# Solved: HP PML Driver



## patful

I recently installed an HP printer, and hate all the bells, whistles, and background processes that were installed with it. I've eliminated all but one, HPZipm12.exe. Its only function from what I've read is to communicate ink levels, etc. I don't really want that one going either. In fact, when I return from hibernation, it's no longer running anyway, and I can't check on the ink levels. While I can start and stop the process from within Services in Administrative Tools, if I try to set it to manual or disable it, I get the message "Unable to open process Pml Driver HPZ12 for writing on Local Computer, Error 5: Access is denied". When I try to disable it through msconfig, it tells me I need to be an administrator to disable it. Problem: I am the administrator. I have no trouble changing anything else in Services. I downloaded the latest drivers from HP (30MB!), but am afraid they'll be worse than the ones I have, and would rather not tempt fate. The printer works fine. Anybody else have any luck disabling this process or any idea how I can? Thanks.
Pat
Athlon 64 2200 Ghz
512 MB DDR2
Windows XP Media Center


----------



## kniht

I have an HP PSC 2210v all-in-one, been using for over 2 years. You may want to go here to see what all the bells and whistles mean:

http://www.answersthatwork.com/

Click on the "Task List", go to "H" and look up HPZipm12.exe and all the other crap that comes with the printer. Great definitions of what each is all about and whether it is safe to disable.

I do know if HPZipm12 is not running, the HP Director may not recognize your printer, therefore you will not be able to scan by way or your computer.

I get the same error message you get when trying to switch the PML Driver to manual from automatic in Services. This only started when I downloaded and installed the PML security update just a few days ago. Has something to do with that update.

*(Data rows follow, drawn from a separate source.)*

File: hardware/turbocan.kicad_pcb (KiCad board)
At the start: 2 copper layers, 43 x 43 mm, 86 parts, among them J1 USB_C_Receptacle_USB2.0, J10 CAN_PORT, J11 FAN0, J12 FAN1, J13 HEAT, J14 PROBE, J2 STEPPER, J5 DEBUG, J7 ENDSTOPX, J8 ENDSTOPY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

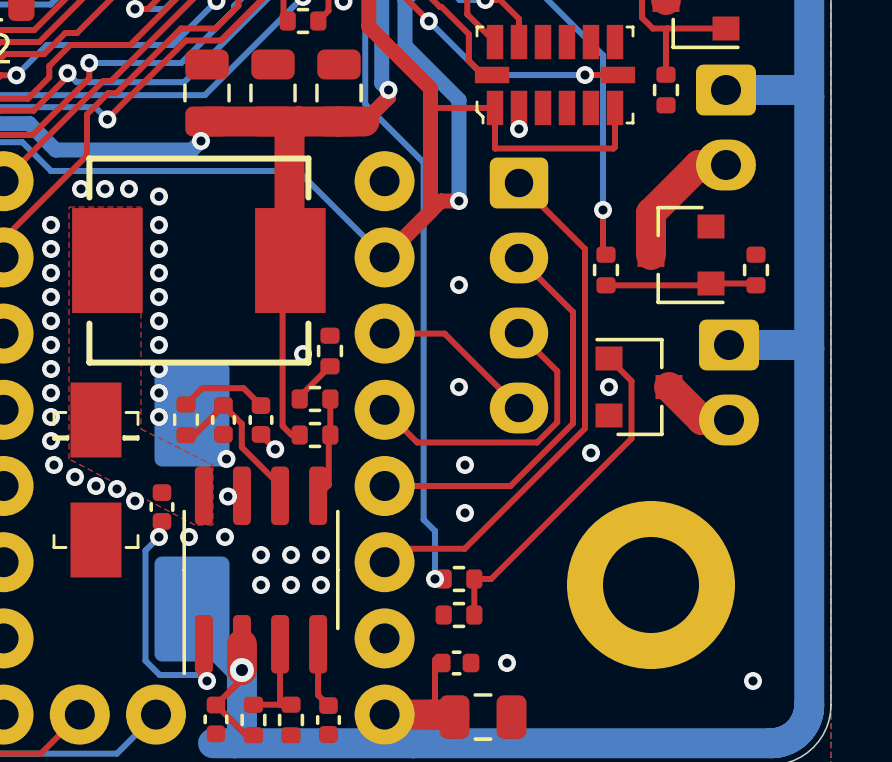
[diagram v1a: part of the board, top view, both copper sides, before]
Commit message: Replace heater mosfet
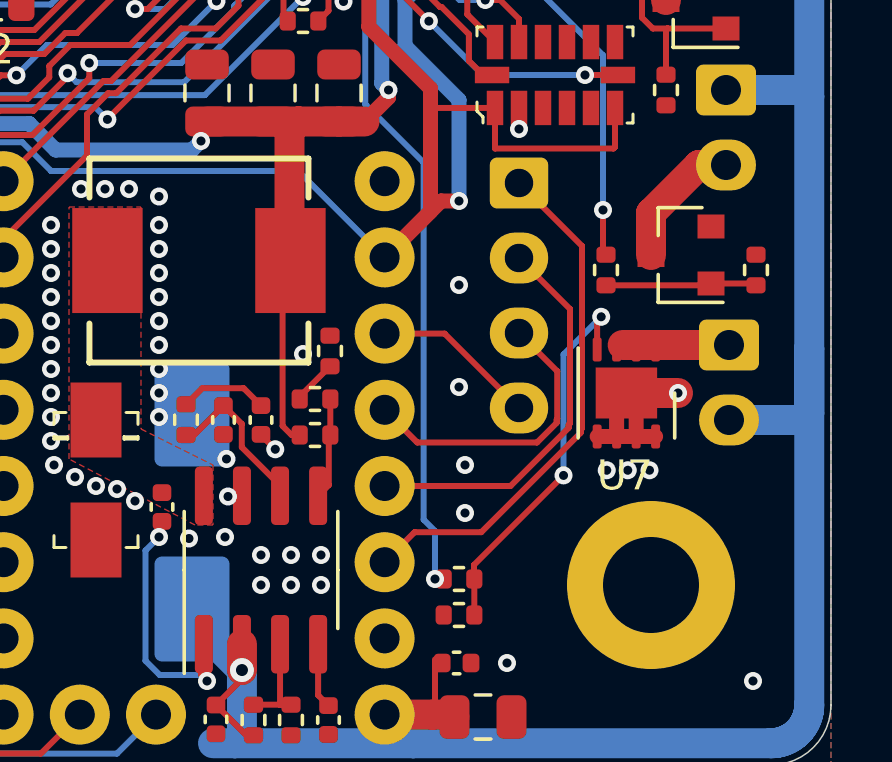
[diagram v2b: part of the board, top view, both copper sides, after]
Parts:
- U7: value AO3400A -> AON7400A; footprint Package_TO_SOT_SMD:SOT-23 -> turbocan:DFN-8-1EP_3x3mm_P0.65mm_EP1.7x2.05mm
- moved U7 0.47 mm to (50.2, 44.6), turned to 270 degrees
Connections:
- J1 pad A8: Net-(J1-PadA8) -> (no net)
- J1 pad B8: Net-(J1-PadB8) -> (no net)
- J13 pad 1: +24V -> Net-(J13-Pad1)
- J13 pad 2: Net-(J13-Pad2) -> +24V
- U3 pad 5: Net-(U3-Pad5) -> (no net)
- U7 pad 1: Net-(R16-Pad1) -> Net-(J13-Pad1)
- U7 pad 2: GND -> Net-(R16-Pad1)
- U7 pad 3: Net-(J13-Pad2) -> GND
- U8 pad 18: Net-(U8-Pad18) -> (no net)
- U8 pad 2: Net-(U8-Pad2) -> (no net)
- U8 pad 21: Net-(U8-Pad21) -> (no net)
- U8 pad 3: Net-(U8-Pad3) -> (no net)
- U8 pad 38: Net-(U8-Pad38) -> (no net)
- U8 pad 39: Net-(U8-Pad39) -> (no net)
- U8 pad 4: Net-(U8-Pad4) -> (no net)
- U9 pad 10: Net-(U9-Pad10) -> (no net)
- U9 pad 11: Net-(U9-Pad11) -> (no net)
- U9 pad 3: Net-(U9-Pad3) -> (no net)
- U9 pad 8: Net-(U9-Pad8) -> (no net)
- U9 pad 9: Net-(U9-Pad9) -> (no net)
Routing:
- net GND: track 28.0 -> 34.9 mm, vias 74 -> 76
- net Net-(J13-Pad1): track 0.00 -> 3.54 mm
- net Net-(J13-Pad2): track 2.46 -> 0.00 mm
- net +24V: track 185.1 -> 187.6 mm
- net Net-(R16-Pad1): track 11.4 -> 12.8 mm, vias 0 -> 2

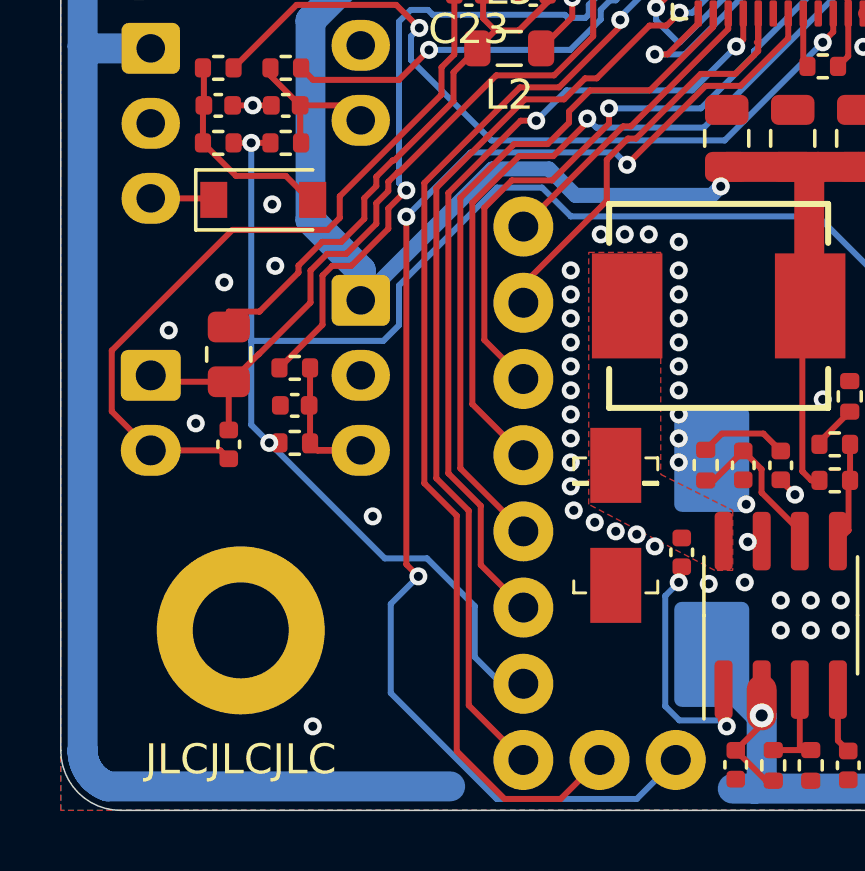
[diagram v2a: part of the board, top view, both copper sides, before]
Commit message: Replace pullup on MS1 with unpopulated resistor
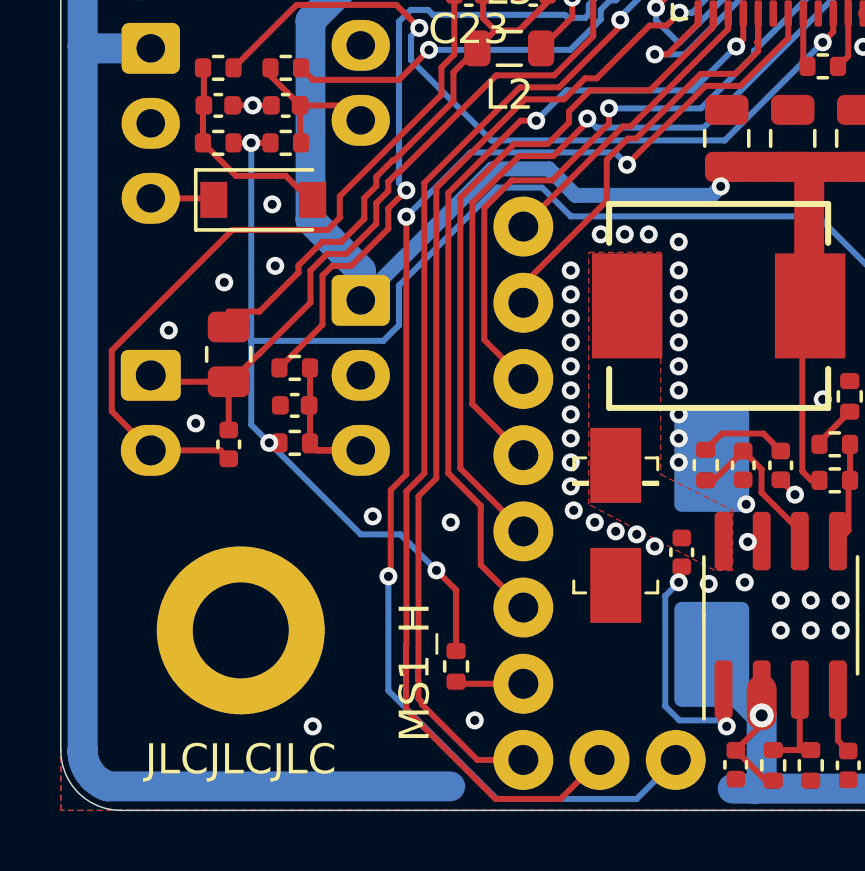
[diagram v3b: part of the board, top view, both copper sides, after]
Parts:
- added R29: DNP, Resistor_SMD:R_0402_1005Metric, F.Cu at (27.2, 52.2)
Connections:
- J1 pad A8: (no net) -> Net-(J1-PadA8)
- J1 pad B8: (no net) -> Net-(J1-PadB8)
- U2 pad 15: +3V3 -> Net-(R29-Pad2)
- U3 pad 5: (no net) -> Net-(U3-Pad5)
- U8 pad 18: (no net) -> Net-(U8-Pad18)
- U8 pad 2: (no net) -> Net-(U8-Pad2)
- U8 pad 21: (no net) -> Net-(U8-Pad21)
- U8 pad 3: (no net) -> Net-(U8-Pad3)
- U8 pad 38: (no net) -> Net-(U8-Pad38)
- U8 pad 39: (no net) -> Net-(U8-Pad39)
- U8 pad 4: (no net) -> Net-(U8-Pad4)
- U9 pad 10: (no net) -> Net-(U9-Pad10)
- U9 pad 11: (no net) -> Net-(U9-Pad11)
- U9 pad 3: (no net) -> Net-(U9-Pad3)
- U9 pad 8: (no net) -> Net-(U9-Pad8)
- U9 pad 9: (no net) -> Net-(U9-Pad9)
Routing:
- net +3V3: track 162.2 -> 159.7 mm, vias 13 -> 14
- net Net-(R29-Pad2): track 0.00 -> 2.27 mm
- net EN: track 41.9 -> 43.3 mm
- net DIAG: track 45.8 -> 46.5 mm
- net GND: vias 76 -> 78
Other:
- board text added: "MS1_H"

Also be sure if you have IE7 installed that you are able to open the HP Director. I had to uninstall IE7 to get the Director to work again. There is a workaround for this if you have IE7 installed and can be found here:

http://msmvps.com/blogs/spywaresucks/archive/2006/10/22/197647.aspx

I'll keep searching for an answer to the error message when trying to get the PML Driver Service to do what I want it to. If I find an answer, I'll let you know.


----------



## patful

Thanks for all the info. I really don't do a lot with my printer other than b&w text printing, so I bought the bottom-of-the-barrel D1320. It prints fine without HPZip12m running, I just can't look at ink levels or clean the print heads. Since HPZip never starts up again after I return from hibernation anyway, I figured I could just run the ink tray icon and HPZip manually when I wanted to perform these functions. I hate unnecessary background processes (reduced my new computer's from 44 to 22!), and this one just seemed to get under my skin. I'll skip installing HP's updated drivers unless I can no longer print. I have IE7 installed, but I always use Firefox, so I haven't had any trouble there. There is a "Log On" tab in Services that I haven't had the guts to play with. It says you can enable or disable the process for a given hardware profile. Not sure if that would do anything. Thanks for your help. Maybe someday this thread will be listed as "Solved"!


----------



## libit

I've recently bought a Photosmart and agree that all that software is incredibly messy and bloated. I really hope that HP will release an updated and stripped down version of the drivers, still supporting all the printer features (you can download the "enterprise" version of the drivers which is cleaner but doesn't support scan and fax).
Anyway, back to the topic here, I get the same errors you mentioned when I try to disable the horrible PML service (service for what?). But you can disable it from regedit:
set HKLM\SYSTEM\CurrentControlSet\Services\Pml Driver HPZ12\Start
to 3 for "manual" startup, or to 4 for "disabled".


----------



## kniht

libit said:


> I get the same errors you mentioned when I try to disable the horrible PML service (service for what?). But you can disable it from regedit:
> set HKLM\SYSTEM\CurrentControlSet\Services\Pml Driver HPZ12\Start
> to 3 for "manual" startup, or to 4 for "disabled".


*libit*

First of all, thanks for the infromation :up:

Secondly, I found out the only reason to even start the Pml Service is to be able to transfer a scan from the printer to the computer. I tried saving a scanned document in pdf format to the My Documents Directory without the Pml Service being started and got a message telling me the Pml Service was not started.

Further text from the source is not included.